TONS of lipglass/varnish/plushglass/lacquer/lipgelee/pro longwears, etc...at least 70-75 of these in all manner of colors, LOTS of LE/DC. also had the holiday lipgelee set with Who's That Lady, Jellicious, Saplicious and...the 4th color i can't remember...jellybabe, maybe.

TONS of lipstick as well, at least 40-45, lots of LE/DC...i didn't look too closely at colors though. i know they had Pink Cabana.

tons of brown stuff in pencils, those little stashbox thingies and brow sets.

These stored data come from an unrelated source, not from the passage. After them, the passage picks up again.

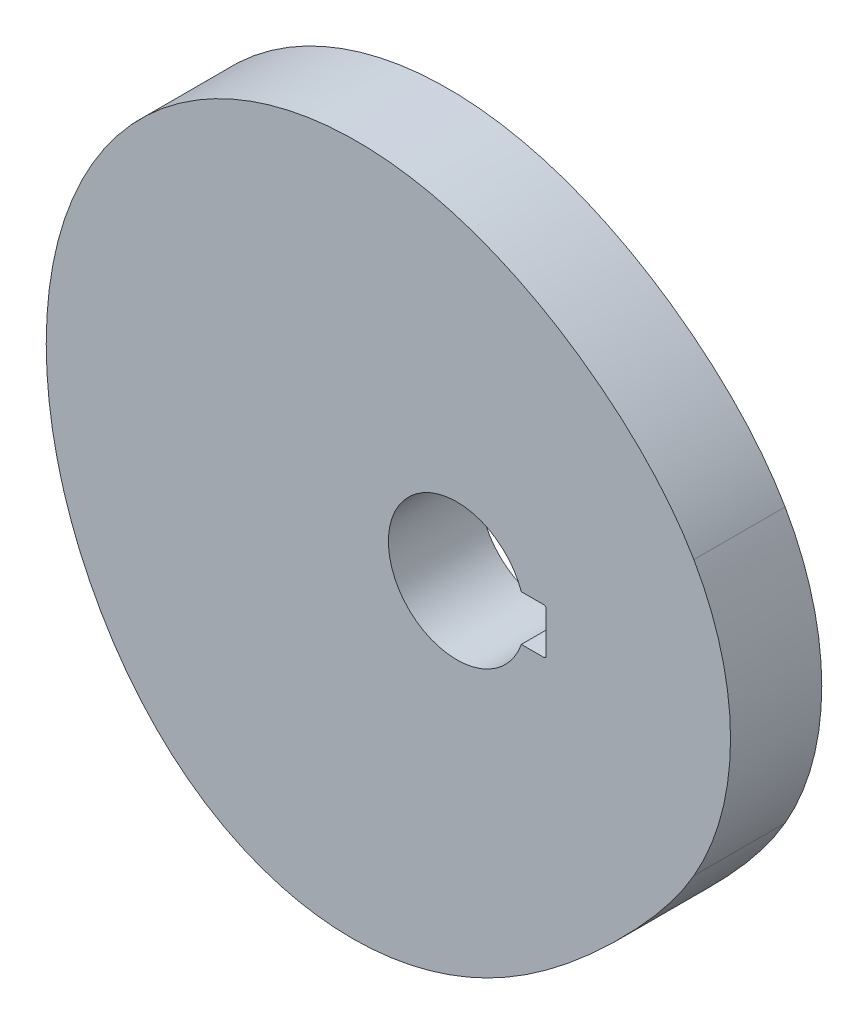
ISO-10303-21;
HEADER;
FILE_DESCRIPTION(('STEP AP214'),'2;1');
FILE_NAME('part.step','',(''),(''),'','','');
FILE_SCHEMA(('AUTOMOTIVE_DESIGN { 1 0 10303 214 1 1 1 1 }'));
ENDSEC;
DATA;
#1=APPLICATION_CONTEXT('core data for automotive mechanical design processes');
#2=APPLICATION_PROTOCOL_DEFINITION('international standard','automotive_design',2000,#1);
#3=PRODUCT_CONTEXT('',#1,'mechanical');
#4=PRODUCT('Part','Part','',(#3));
#5=PRODUCT_RELATED_PRODUCT_CATEGORY('part','',(#4));
#6=PRODUCT_DEFINITION_FORMATION('','',#4);
#7=PRODUCT_DEFINITION_CONTEXT('part definition',#1,'design');
#8=PRODUCT_DEFINITION('design','',#6,#7);
#9=PRODUCT_DEFINITION_SHAPE('','',#8);
#10=(LENGTH_UNIT() NAMED_UNIT(*) SI_UNIT(.MILLI.,.METRE.));
#11=(NAMED_UNIT(*) PLANE_ANGLE_UNIT() SI_UNIT($,.RADIAN.));
#12=(NAMED_UNIT(*) SI_UNIT($,.STERADIAN.) SOLID_ANGLE_UNIT());
#13=UNCERTAINTY_MEASURE_WITH_UNIT(LENGTH_MEASURE(1.E-05),#10,'distance_accuracy_value','');
#14=(GEOMETRIC_REPRESENTATION_CONTEXT(3) GLOBAL_UNCERTAINTY_ASSIGNED_CONTEXT((#13)) GLOBAL_UNIT_ASSIGNED_CONTEXT((#10,
#11,#12)) REPRESENTATION_CONTEXT('',''));
#15=CARTESIAN_POINT('',(0.,0.,0.));
#16=DIRECTION('',(0.,0.,1.));
#17=DIRECTION('',(1.,0.,0.));
#18=AXIS2_PLACEMENT_3D('',#15,#16,#17);
#19=CARTESIAN_POINT('',(-50.,0.,5.));
#20=DIRECTION('',(0.,0.,1.));
#21=DIRECTION('',(1.,0.,0.));
#22=AXIS2_PLACEMENT_3D('',#19,#20,#21);
#23=PLANE('',#22);
#24=CARTESIAN_POINT('',(-50.,0.,5.));
#25=DIRECTION('',(0.,0.,1.));
#26=DIRECTION('',(1.,0.,0.));
#27=AXIS2_PLACEMENT_3D('',#24,#25,#26);
#28=CIRCLE('',#27,30.);
#29=CARTESIAN_POINT('',(-24.0192378864669,-15.0000000000001,5.));
#30=VERTEX_POINT('',#29);
#31=CARTESIAN_POINT('',(-24.0192378866247,15.0000000002734,5.));
#32=VERTEX_POINT('',#31);
#33=EDGE_CURVE('E159',#30,#32,#28,.T.);
#34=ORIENTED_EDGE('',*,*,#33,.T.);
#35=CARTESIAN_POINT('',(-24.0192378866247,15.0000000002734,5.));
#36=CARTESIAN_POINT('',(-24.0683111787963,15.0849974356084,5.));
#37=CARTESIAN_POINT('',(-24.1677817094813,15.2549067052757,5.));
#38=CARTESIAN_POINT('',(-24.3727166139439,15.5992206188409,5.));
#39=CARTESIAN_POINT('',(-24.6186522803278,15.9970959778411,5.));
#40=CARTESIAN_POINT('',(-24.8636551117644,16.3796973626869,5.));
#41=CARTESIAN_POINT('',(-25.1191286865075,16.7670259586303,5.));
#42=CARTESIAN_POINT('',(-25.3797793405813,17.150163728297,5.));
#43=CARTESIAN_POINT('',(-25.6452662113294,17.5287717723048,5.));
#44=CARTESIAN_POINT('',(-25.9456044724153,17.9448521256756,5.));
#45=CARTESIAN_POINT('',(-26.2825226157508,18.3967478505114,5.));
#46=CARTESIAN_POINT('',(-26.6578912658467,18.8827284315202,5.));
#47=CARTESIAN_POINT('',(-27.0737334273974,19.4010980123055,5.));
#48=CARTESIAN_POINT('',(-27.6050527948448,20.0396280283602,5.));
#49=CARTESIAN_POINT('',(-28.2603156584274,20.7908928764337,5.));
#50=CARTESIAN_POINT('',(-29.1374324622823,21.7416608022377,5.));
#51=CARTESIAN_POINT('',(-30.2569365412743,22.8711060336154,5.));
#52=CARTESIAN_POINT('',(-31.5134458820634,24.046837604798,5.));
#53=CARTESIAN_POINT('',(-32.9134504590273,25.2580324738448,5.));
#54=CARTESIAN_POINT('',(-34.7028549205296,26.6936916515159,5.));
#55=CARTESIAN_POINT('',(-36.9167224167216,28.3043170855228,5.));
#56=CARTESIAN_POINT('',(-39.5923180830508,30.0262727925147,5.));
#57=CARTESIAN_POINT('',(-42.7706429784111,31.7701536587237,5.));
#58=CARTESIAN_POINT('',(-46.0704591581779,33.2726724683721,5.));
#59=CARTESIAN_POINT('',(-49.4807436864303,34.5057986195813,5.));
#60=CARTESIAN_POINT('',(-53.1510706562302,35.4848776810059,5.));
#61=CARTESIAN_POINT('',(-56.9010569145065,36.1018903402297,5.));
#62=CARTESIAN_POINT('',(-60.6955031339855,36.3288534653697,5.));
#63=CARTESIAN_POINT('',(-64.4914897821824,36.1456778986248,5.));
#64=CARTESIAN_POINT('',(-68.0780810841253,35.5924429033956,5.));
#65=CARTESIAN_POINT('',(-71.5849963549722,34.6579286486702,5.));
#66=CARTESIAN_POINT('',(-74.9693248523745,33.3466174009843,5.));
#67=CARTESIAN_POINT('',(-78.1887014213685,31.6704275029255,5.));
#68=CARTESIAN_POINT('',(-81.216628818709,29.6392476849812,5.));
#69=CARTESIAN_POINT('',(-84.012954658782,27.2737625926885,5.));
#70=CARTESIAN_POINT('',(-86.2239552899403,24.936788464106,5.));
#71=CARTESIAN_POINT('',(-88.2202153950024,22.3966294122081,5.));
#72=CARTESIAN_POINT('',(-89.7284200531507,20.074270166694,5.));
#73=CARTESIAN_POINT('',(-90.8451183775263,18.0550403699454,5.));
#74=CARTESIAN_POINT('',(-91.8191166465436,15.964820644436,5.));
#75=CARTESIAN_POINT('',(-92.4856190658089,14.3205246731791,5.));
#76=CARTESIAN_POINT('',(-92.9852547215402,12.8974492599532,5.));
#77=CARTESIAN_POINT('',(-93.3529411312239,11.7109258166383,5.));
#78=CARTESIAN_POINT('',(-93.616328574465,10.7708948011233,5.));
#79=CARTESIAN_POINT('',(-93.8117233067228,10.0146278110399,5.));
#80=CARTESIAN_POINT('',(-94.0369085895483,9.06487548051809,5.));
#81=CARTESIAN_POINT('',(-94.2440355368742,8.07431070310892,5.));
#82=CARTESIAN_POINT('',(-94.4303066751601,7.04476506571441,5.));
#83=CARTESIAN_POINT('',(-94.5929274166028,5.97401113376893,5.));
#84=CARTESIAN_POINT('',(-94.710991164961,5.0612039599549,5.));
#85=CARTESIAN_POINT('',(-94.8087565121536,4.14119888922031,5.));
#86=CARTESIAN_POINT('',(-94.8864517710724,3.22807489516539,5.));
#87=CARTESIAN_POINT('',(-94.9443189656429,2.29766879484515,5.));
#88=CARTESIAN_POINT('',(-94.9778257993877,1.50661013401047,5.));
#89=CARTESIAN_POINT('',(-94.9944783690443,0.807430389307903,5.));
#90=CARTESIAN_POINT('',(-94.9992128855272,0.295654948560376,5.));
#91=CARTESIAN_POINT('',(-95.0000000000947,0.0977871003481721,5.));
#92=CARTESIAN_POINT('',(-95.0000000000958,4.74004202140251E-10,5.));
#93=B_SPLINE_CURVE_WITH_KNOTS('',4,(#35,#36,#37,#38,#39,#40,#41,#42,#43,#44,#45,#46,#47,#48,#49,
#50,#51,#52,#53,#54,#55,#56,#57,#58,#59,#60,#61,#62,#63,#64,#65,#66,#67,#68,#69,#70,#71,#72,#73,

fluidlines in: Delphic, Haunting, Iris Eyes, Non-Conformist, Nightfish, Lithograph, New Weed

loooots of e/s this time:
Beauty Sleep, Beautyburst, Blue Noir, Suspicion, Intoxicate, Femme Noir, Velvet Moss, Purple Shower, Whistle, Playful, Full Flame, Peppier, Slip Pink, Lightshade, Jete, In Living Pink....at least 10 more.

they also had the Pandamonium and Take Wing quads.

brushes: 236, 136, 194, 252, 311 and one other lip brush i'm blanking on...

also Bobbi Brown shimmerbricks in Brownie, Peony & Rose


----------



## RoseMe (Sep 13, 2007)

*Re: Camarillo, CA CCO (Camarillo Premium Outlets)*

What particular store of the outlet mall do you go to to get MAC?  I live in San Diego, what's the best one for me to hunt for MAC goods?  THANKS!


----------



## Feytr (Sep 15, 2007)

*Re: Camarillo, CA CCO (Camarillo Premium Outlets)*

I was there today and the pigments and eyeshadows were actually on the counter by the register!  Picked up Melon, Aire-de-Blu, and Pinked Mauve pigments, Nightfish and Delphic fluidlines, and a Studiostick foundation in NC30.  There were plenty of $10 eyeshadows from the Barbie collection as well as an older brush set for $33 displayed on the counter.  Lots of blushes and l/s l/g.  Both the Pandemonium and Take Wing palettes are still available.


----------



## lindsaykinzie (Sep 15, 2007)

*Re: Camarillo, CA CCO (Camarillo Premium Outlets)*

How much are the pigments there?


----------



## eowyn797 (Sep 21, 2007)

*Re: Camarillo, CA CCO (Camarillo Premium Outlets)*

pigments are $13.75, normally, but some of the ones they had were makred $13.00


----------



## lindsaykinzie (Sep 24, 2007)

*Re: Camarillo, CA CCO (Camarillo Premium Outlets)*

anyone gone recently or know when they get their shipments?


----------



## lindsaykinzie (Dec 9, 2007)

*Re: Camarillo, CA CCO (Camarillo Premium Outlets)*

I just went so I will try to remember what they had. 
	

	
	
		
		

		
		
	


	





Lots of lipstick (aloof is the only one i remember)
Lots l/g, foundation and concealer
Novel twist brush sets (both the basic and pro)
Novel twist cool eye palette
Novel twist lip palette in plum
Novel twist cool and warm pearlizer sets
Holiday 06 lipstick sets
Fluidlines in haunting, nightfish, royal wink, lithograph, blitz & glitz, and delphic
Eyeshadows in purple shower, innuendo, beauty sleep, suspicion, motif, fab & flashy, shale, expresso, and about 15 others i cant remember plus all the ones from the barbie collection

Ahh thats all i can remember right now!


----------



## Feytr (Dec 15, 2007)

*Re: Camarillo, CA CCO (Camarillo Premium Outlets)*

I was there today and I left with pigments in Accent Red and Softwash Grey.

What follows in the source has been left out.